_TASK GOAL_
Could you print every line from the first one of the records below through the line containing "settings Model: Creator=angel", with both included and nothing else?

*** INFORMATION SHOWN

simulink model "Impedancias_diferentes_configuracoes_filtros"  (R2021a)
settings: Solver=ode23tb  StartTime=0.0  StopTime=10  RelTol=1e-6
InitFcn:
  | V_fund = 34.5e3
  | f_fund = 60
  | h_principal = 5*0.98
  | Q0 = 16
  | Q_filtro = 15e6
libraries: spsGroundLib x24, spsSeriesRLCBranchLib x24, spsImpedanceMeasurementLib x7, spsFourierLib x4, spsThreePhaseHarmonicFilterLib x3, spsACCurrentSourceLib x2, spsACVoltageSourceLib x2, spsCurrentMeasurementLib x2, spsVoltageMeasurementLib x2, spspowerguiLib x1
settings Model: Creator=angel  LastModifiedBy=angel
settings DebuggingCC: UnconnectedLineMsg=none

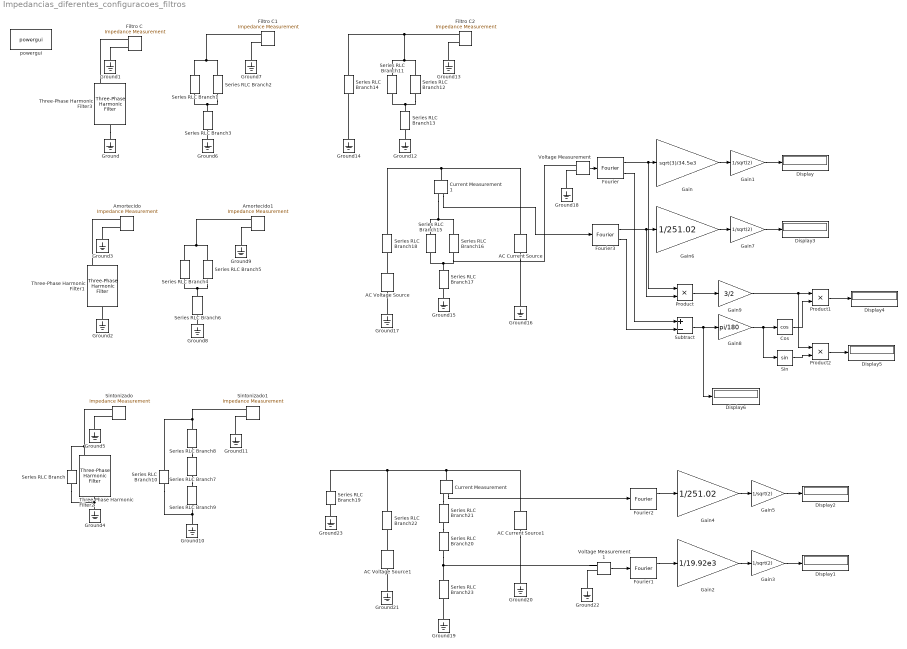
== system Impedancias_diferentes_configuracoes_filtros ==
  AC Current Source : spsACCurrentSourceLib/AC Current Source  Amplitude=sqrt(2)*500  Phase=0  Frequency=5*60  SampleTime=0  Measurements=None
      settings: SourceProductBaseCode=PS
  AC Current Source1 : spsACCurrentSourceLib/AC Current Source  Amplitude=sqrt(2)*500  Phase=0  Frequency=5*60  SampleTime=0  Measurements=None
      settings: SourceProductBaseCode=PS
  AC Voltage Source : spsACVoltageSourceLib/AC Voltage Source  Amplitude=sqrt(2)*34.5e3/sqrt(2)  Phase=0  Frequency=60  SampleTime=0  Measurements=None  BusType=swing  Pref=10e3  Qref=0  Qmin=-inf  Qmax=+inf
  AC Voltage Source1 : spsACVoltageSourceLib/AC Voltage Source  Amplitude=sqrt(2)*34.5e3/sqrt(3)  Phase=0  Frequency=60  SampleTime=0  Measurements=None  BusType=swing  Pref=10e3  Qref=0  Qmin=-inf  Qmax=+inf
  Amortecido : spsImpedanceMeasurementLib/Impedance Measurement  LConnTagsString=+|-  Factor=1
      settings: SourceProductBaseCode=PS
  Amortecido1 : spsImpedanceMeasurementLib/Impedance Measurement  LConnTagsString=+|-  Factor=1
      settings: SourceProductBaseCode=PS
  Cos : Trigonometry  Operator=cos
  Current Measurement : spsCurrentMeasurementLib/Current Measurement  PhasorSimulation=off  OutputType=Complex  PSBequivalent=0
  Current Measurement1 : spsCurrentMeasurementLib/Current Measurement  PhasorSimulation=off  OutputType=Complex  PSBequivalent=0
  Display{,1..6} (7 alike) : Display
  Filtro C : spsImpedanceMeasurementLib/Impedance Measurement  LConnTagsString=+|-  Factor=1
      settings: SourceProductBaseCode=PS
  Filtro C1 : spsImpedanceMeasurementLib/Impedance Measurement  LConnTagsString=+|-  Factor=1
      settings: SourceProductBaseCode=PS
  Filtro C2 : spsImpedanceMeasurementLib/Impedance Measurement  LConnTagsString=+|-  Factor=1
      settings: SourceProductBaseCode=PS
  Fourier : spsFourierLib/Fourier  Freq=60  n=5  InInit=[0, 0]  Ts=0
      settings: SourceProductBaseCode=PS
  Fourier1 : spsFourierLib/Fourier  Freq=60  n=5  InInit=[0, 0]  Ts=0
      settings: SourceProductBaseCode=PS
  Fourier2 : spsFourierLib/Fourier  Freq=60  n=1  InInit=[0, 0]  Ts=0
      settings: SourceProductBaseCode=PS
  Fourier3 : spsFourierLib/Fourier  Freq=60  n=5  InInit=[0, 0]  Ts=0
      settings: SourceProductBaseCode=PS
  Gain : Gain  Gain=sqrt(3)/34.5e3
  Gain{1,3,5,7} (4 alike) : Gain  Gain=1/sqrt(2)
  Gain2 : Gain  Gain=1/19.92e3
  Gain4 : Gain  Gain=1/251.02
  Gain6 : Gain  Gain=1/251.02
  Gain8 : Gain  Gain=pi/180
  Gain9 : Gain  Gain=3/2
  Ground{,1..23} (24 alike) : spsGroundLib/Ground  LConnTagsString=a
  Product : Product
  Product1 : Product
  Product2 : Product
  Series RLC Branch : spsSeriesRLCBranchLib/Series RLC Branch  LConnTagsString=__new0  RConnTagsString=__new0  BranchType=R  Resistance=1e6  Inductance=1e-3  SetiL0=off  InitialCurrent=0  Capacitance=1e-6  Setx0=off  InitialVoltage=0  Measurements=None
  Series RLC Branch1 : spsSeriesRLCBranchLib/Series RLC Branch  LConnTagsString=__new0  RConnTagsString=__new0  BranchType=LC  Resistance=1  Inductance=9.54e-3  SetiL0=off  InitialCurrent=0  Capacitance=737.16e-6  Setx0=off  InitialVoltage=0  Measurements=None
  Series RLC Branch10 : spsSeriesRLCBranchLib/Series RLC Branch  LConnTagsString=__new0  RConnTagsString=__new0  BranchType=R  Resistance=1e6  Inductance=1e-3  SetiL0=off  InitialCurrent=0  Capacitance=1e-6  Setx0=off  InitialVoltage=0  Measurements=None
  Series RLC Branch11 : spsSeriesRLCBranchLib/Series RLC Branch  LConnTagsString=__new0  RConnTagsString=__new0  BranchType=LC  Resistance=1  Inductance=9.54e-3  SetiL0=off  InitialCurrent=0  Capacitance=737.16e-6  Setx0=off  InitialVoltage=0  Measurements=None
  Series RLC Branch{2,5,12,16} (4 alike) : spsSeriesRLCBranchLib/Series RLC Branch  LConnTagsString=__new0  RConnTagsString=__new0  BranchType=R  Resistance=270.36  Inductance=9.54e-3  SetiL0=off  InitialCurrent=0  Capacitance=737.16e-6  Setx0=off  InitialVoltage=0  Measurements=None
  Series RLC Branch{3,6,9,13,17,23} (6 alike) : spsSeriesRLCBranchLib/Series RLC Branch  LConnTagsString=__new0  RConnTagsString=__new0  BranchType=C  Resistance=270.36  Inductance=9.54e-3  SetiL0=off  InitialCurrent=0  Capacitance=32.04e-6  Setx0=off  InitialVoltage=0  Measurements=None
  Series RLC Branch14 : spsSeriesRLCBranchLib/Series RLC Branch  LConnTagsString=__new0  RConnTagsString=__new0  BranchType=RL  Resistance=198.38e-3  Inductance=6.84e-3  SetiL0=off  InitialCurrent=0  Capacitance=737.16e-6  Setx0=off  InitialVoltage=0  Measurements=None
  Series RLC Branch15 : spsSeriesRLCBranchLib/Series RLC Branch  LConnTagsString=__new0  RConnTagsString=__new0  BranchType=LC  Resistance=1  Inductance=9.54e-3  SetiL0=off  InitialCurrent=0  Capacitance=737.16e-6  Setx0=off  InitialVoltage=0  Measurements=None
  Series RLC Branch18 : spsSeriesRLCBranchLib/Series RLC Branch  LConnTagsString=__new0  RConnTagsString=__new0  BranchType=RL  Resistance=198.38e-3  Inductance=6.84e-3  SetiL0=off  InitialCurrent=0  Capacitance=737.16e-6  Setx0=off  InitialVoltage=0  Measurements=None
  Series RLC Branch19 : spsSeriesRLCBranchLib/Series RLC Branch  LConnTagsString=__new0  RConnTagsString=__new0  BranchType=R  Resistance=1e6  Inductance=1e-3  SetiL0=off  InitialCurrent=0  Capacitance=1e-6  Setx0=off  InitialVoltage=0  Measurements=None
  Series RLC Branch20 : spsSeriesRLCBranchLib/Series RLC Branch  LConnTagsString=__new0  RConnTagsString=__new0  BranchType=L  Resistance=1  Inductance=9.15e-3  SetiL0=off  InitialCurrent=0  Capacitance=737.16e-6  Setx0=off  InitialVoltage=0  Measurements=None
  Series RLC Branch21 : spsSeriesRLCBranchLib/Series RLC Branch  LConnTagsString=__new0  RConnTagsString=__new0  BranchType=R  Resistance=1.06  Inductance=9.54e-3  SetiL0=off  InitialCurrent=0  Capacitance=737.16e-6  Setx0=off  InitialVoltage=0  Measurements=None
  Series RLC Branch22 : spsSeriesRLCBranchLib/Series RLC Branch  LConnTagsString=__new0  RConnTagsString=__new0  BranchType=RL  Resistance=198.38e-3  Inductance=6.84e-3  SetiL0=off  InitialCurrent=0  Capacitance=737.16e-6  Setx0=off  InitialVoltage=0  Measurements=None
  Series RLC Branch4 : spsSeriesRLCBranchLib/Series RLC Branch  LConnTagsString=__new0  RConnTagsString=__new0  BranchType=L  Resistance=1  Inductance=9.15e-3  SetiL0=off  InitialCurrent=0  Capacitance=737.16e-6  Setx0=off  InitialVoltage=0  Measurements=None
  Series RLC Branch7 : spsSeriesRLCBranchLib/Series RLC Branch  LConnTagsString=__new0  RConnTagsString=__new0  BranchType=L  Resistance=1  Inductance=9.15e-3  SetiL0=off  InitialCurrent=0  Capacitance=737.16e-6  Setx0=off  InitialVoltage=0  Measurements=None
  Series RLC Branch8 : spsSeriesRLCBranchLib/Series RLC Branch  LConnTagsString=__new0  RConnTagsString=__new0  BranchType=R  Resistance=1.06  Inductance=9.54e-3  SetiL0=off  InitialCurrent=0  Capacitance=737.16e-6  Setx0=off  InitialVoltage=0  Measurements=None
  Sin : Trigonometry
  Sintonizado : spsImpedanceMeasurementLib/Impedance Measurement  LConnTagsString=+|-  Factor=1
      settings: SourceProductBaseCode=PS
  Sintonizado1 : spsImpedanceMeasurementLib/Impedance Measurement  LConnTagsString=+|-  Factor=1
      settings: SourceProductBaseCode=PS
  Subtract : Sum  Inputs=+-
  Three-Phase Harmonic Filter1 : spsThreePhaseHarmonicFilterLib/Three-Phase Harmonic Filter  LConnTagsString=A|B|C  RConnTagsString=n  FilterType=High-pass  FilterConnection=Y (neutral)  ParNom=[V_fund f_fund]  Qc=Q_filtro  Fr=[h_principal*f_fund]  Frd=[11*60 13*60]  Q=Q0  Measurements=None
      settings: AttributesFormatString=\n  SourceProductBaseCode=PS
  Three-Phase Harmonic Filter2 : spsThreePhaseHarmonicFilterLib/Three-Phase Harmonic Filter  LConnTagsString=A|B|C  RConnTagsString=n  FilterType=Single-tuned  FilterConnection=Y (neutral)  ParNom=[V_fund f_fund]  Qc=Q_filtro  Fr=[h_principal*f_fund]  Frd=[11*60 13*60]  Q=Q0  Measurements=None
      settings: AttributesFormatString=\n  SourceProductBaseCode=PS
  Three-Phase Harmonic Filter3 : spsThreePhaseHarmonicFilterLib/Three-Phase Harmonic Filter  LConnTagsString=A|B|C  RConnTagsString=n  FilterType=C-type High-pass  FilterConnection=Y (neutral)  ParNom=[V_fund f_fund]  Qc=Q_filtro  Fr=[h_principal*f_fund]  Frd=[11*60 13*60]  Q=Q0  Measurements=None
      settings: AttributesFormatString=\n  SourceProductBaseCode=PS
  Voltage Measurement : spsVoltageMeasurementLib/Voltage Measurement  PhasorSimulation=off  OutputType=Complex  PSBequivalent=0
  Voltage Measurement1 : spsVoltageMeasurementLib/Voltage Measurement  PhasorSimulation=off  OutputType=Complex  PSBequivalent=0
  powergui : spspowerguiLib/powergui  Priority=1  SimulationMode=Continuous  SampleTime=50e-6  frequency=60  Iterations=50  frequencyindice=60  Pbase=100e6  ErrMax=1e-4  UnitsV=kV  UnitsW=MW  buscounter=0  FunctionMessages=off  echomessages=off  EnableUseOfTLC=off  CurrentSourceSwitches=off  DisableSnubberDevices=off  DisableRonSwitches=off  DisableVfSwitches=off  DisplayEquations=off  AutomaticDiscreteSolvers=off  SolverType=Tustin/Backward Euler (TBE)  Interpol=off  ExternalGateDelay=off  methode=off  Ts=100  x0status=blocks  SPID=on  SwTol=0  HookPort=off  NonlinearTolerance=1e-4  nMaxIteration=100  ContinueOnMaxIteration=off  RestoreLinks=warning  ResistiveCurrentMeasurement=off  Frange=[6:0.1:900]  Ylog=off  Xlog=off  ShowGrid=off  save=off  variable=ZData  structure=0  ZoomFFT=off  StartTime=0.0  cycles=1  DisplayStyle=1  fundamental=60  FreqAxis=off  MaxFrequency=1000  frequencyindicesteady=1  RmsSteady=1  display=off
  wires:
  Voltage Measurement/1 -> Fourier/1
  Fourier/1 -> Product/1, Gain/1
  Gain/1 -> Gain1/1
  Gain1/1 -> Display/1
  Gain3/1 -> Display1/1
  Gain2/1 -> Gain3/1
  Fourier1/1 -> Gain2/1
  Voltage Measurement1/1 -> Fourier1/1
  Fourier2/1 -> Gain4/1
  Gain4/1 -> Gain5/1
  Gain5/1 -> Display2/1
  Current Measurement/1 -> Fourier2/1
  Gain7/1 -> Display3/1
  Gain6/1 -> Gain7/1
  Fourier3/1 -> Product/2, Gain6/1
  Current Measurement1/1 -> Fourier3/1
  Subtract/1 -> Display6/1, Gain8/1
  Gain8/1 -> Sin/1, Cos/1
  Product/1 -> Gain9/1
  Cos/1 -> Product1/2
  Product1/1 -> Display4/1
  Sin/1 -> Product2/2
  Product2/1 -> Display5/1
  Gain9/1 -> Product2/1, Product1/1
  Fourier/2 -> Subtract/1
  Fourier3/2 -> Subtract/2
  connections:
  Three-Phase Harmonic Filter3/RConn1 -- Ground/LConn1
  Ground1/LConn1 -- Filtro C/LConn2
  Ground3/LConn1 -- Amortecido/LConn2
  Ground2/LConn1 -- Three-Phase Harmonic Filter1/RConn1
  Amortecido/LConn1 -- Three-Phase Harmonic Filter1/LConn1
  Sintonizado/LConn1 -- Series RLC Branch/LConn1 -- Three-Phase Harmonic Filter2/LConn1
  Ground4/LConn1 -- Series RLC Branch/RConn1 -- Three-Phase Harmonic Filter2/RConn1
  Ground5/LConn1 -- Sintonizado/LConn2
  Three-Phase Harmonic Filter3/LConn1 -- Filtro C/LConn1
  Series RLC Branch3/LConn1 -- Series RLC Branch2/RConn1 -- Series RLC Branch1/RConn1
  Series RLC Branch1/LConn1 -- Filtro C1/LConn1 -- Series RLC Branch2/LConn1
  Ground6/LConn1 -- Series RLC Branch3/RConn1
  Ground7/LConn1 -- Filtro C1/LConn2
  Series RLC Branch5/RConn1 -- Series RLC Branch6/LConn1 -- Series RLC Branch4/RConn1
  Amortecido1/LConn1 -- Series RLC Branch4/LConn1 -- Series RLC Branch5/LConn1
  Ground9/LConn1 -- Amortecido1/LConn2
  Ground8/LConn1 -- Series RLC Branch6/RConn1
  Ground11/LConn1 -- Sintonizado1/LConn2
  Ground10/LConn1 -- Series RLC Branch10/RConn1 -- Series RLC Branch9/RConn1
  Series RLC Branch7/RConn1 -- Series RLC Branch9/LConn1
  Series RLC Branch8/RConn1 -- Series RLC Branch7/LConn1
  Series RLC Branch8/LConn1 -- Series RLC Branch10/LConn1 -- Sintonizado1/LConn1
  Series RLC Branch12/RConn1 -- Series RLC Branch13/LConn1 -- Series RLC Branch11/RConn1
  Filtro C2/LConn1 -- Series RLC Branch14/LConn1 -- Series RLC Branch11/LConn1 -- Series RLC Branch12/LConn1
  Ground13/LConn1 -- Filtro C2/LConn2
  Ground12/LConn1 -- Series RLC Branch13/RConn1
  Ground14/LConn1 -- Series RLC Branch14/RConn1
  Series RLC Branch17/LConn1 -- Voltage Measurement/LConn1 -- Series RLC Branch16/RConn1 -- Series RLC Branch15/RConn1
  Series RLC Branch18/LConn1 -- Current Measurement1/LConn1 -- AC Current Source/RConn1
  AC Voltage Source/RConn1 -- Series RLC Branch18/RConn1
  Ground15/LConn1 -- Series RLC Branch17/RConn1
  AC Current Source/LConn1 -- Ground16/LConn1
  Ground18/LConn1 -- Voltage Measurement/LConn2
  Ground17/LConn1 -- AC Voltage Source/LConn1
  AC Current Source1/RConn1 -- Current Measurement/LConn1 -- Series RLC Branch19/LConn1 -- Series RLC Branch22/LConn1
  Ground21/LConn1 -- AC Voltage Source1/LConn1
  Ground22/LConn1 -- Voltage Measurement1/LConn2
  AC Voltage Source1/RConn1 -- Series RLC Branch22/RConn1
  AC Current Source1/LConn1 -- Ground20/LConn1
  Ground19/LConn1 -- Series RLC Branch23/RConn1
  Series RLC Branch20/RConn1 -- Voltage Measurement1/LConn1 -- Series RLC Branch23/LConn1
  Series RLC Branch21/RConn1 -- Series RLC Branch20/LConn1
  Ground23/LConn1 -- Series RLC Branch19/RConn1
  Current Measurement/RConn1 -- Series RLC Branch21/LConn1
  Series RLC Branch15/LConn1 -- Current Measurement1/RConn1 -- Series RLC Branch16/LConn1

******

_PROBLEM SOLUTION_
simulink model "Impedancias_diferentes_configuracoes_filtros"  (R2021a)
settings: Solver=ode23tb  StartTime=0.0  StopTime=10  RelTol=1e-6
InitFcn:
  | V_fund = 34.5e3
  | f_fund = 60
  | h_principal = 5*0.98
  | Q0 = 16
  | Q_filtro = 15e6
libraries: spsGroundLib x24, spsSeriesRLCBranchLib x24, spsImpedanceMeasurementLib x7, spsFourierLib x4, spsThreePhaseHarmonicFilterLib x3, spsACCurrentSourceLib x2, spsACVoltageSourceLib x2, spsCurrentMeasurementLib x2, spsVoltageMeasurementLib x2, spspowerguiLib x1
settings Model: Creator=angel  LastModifiedBy=angel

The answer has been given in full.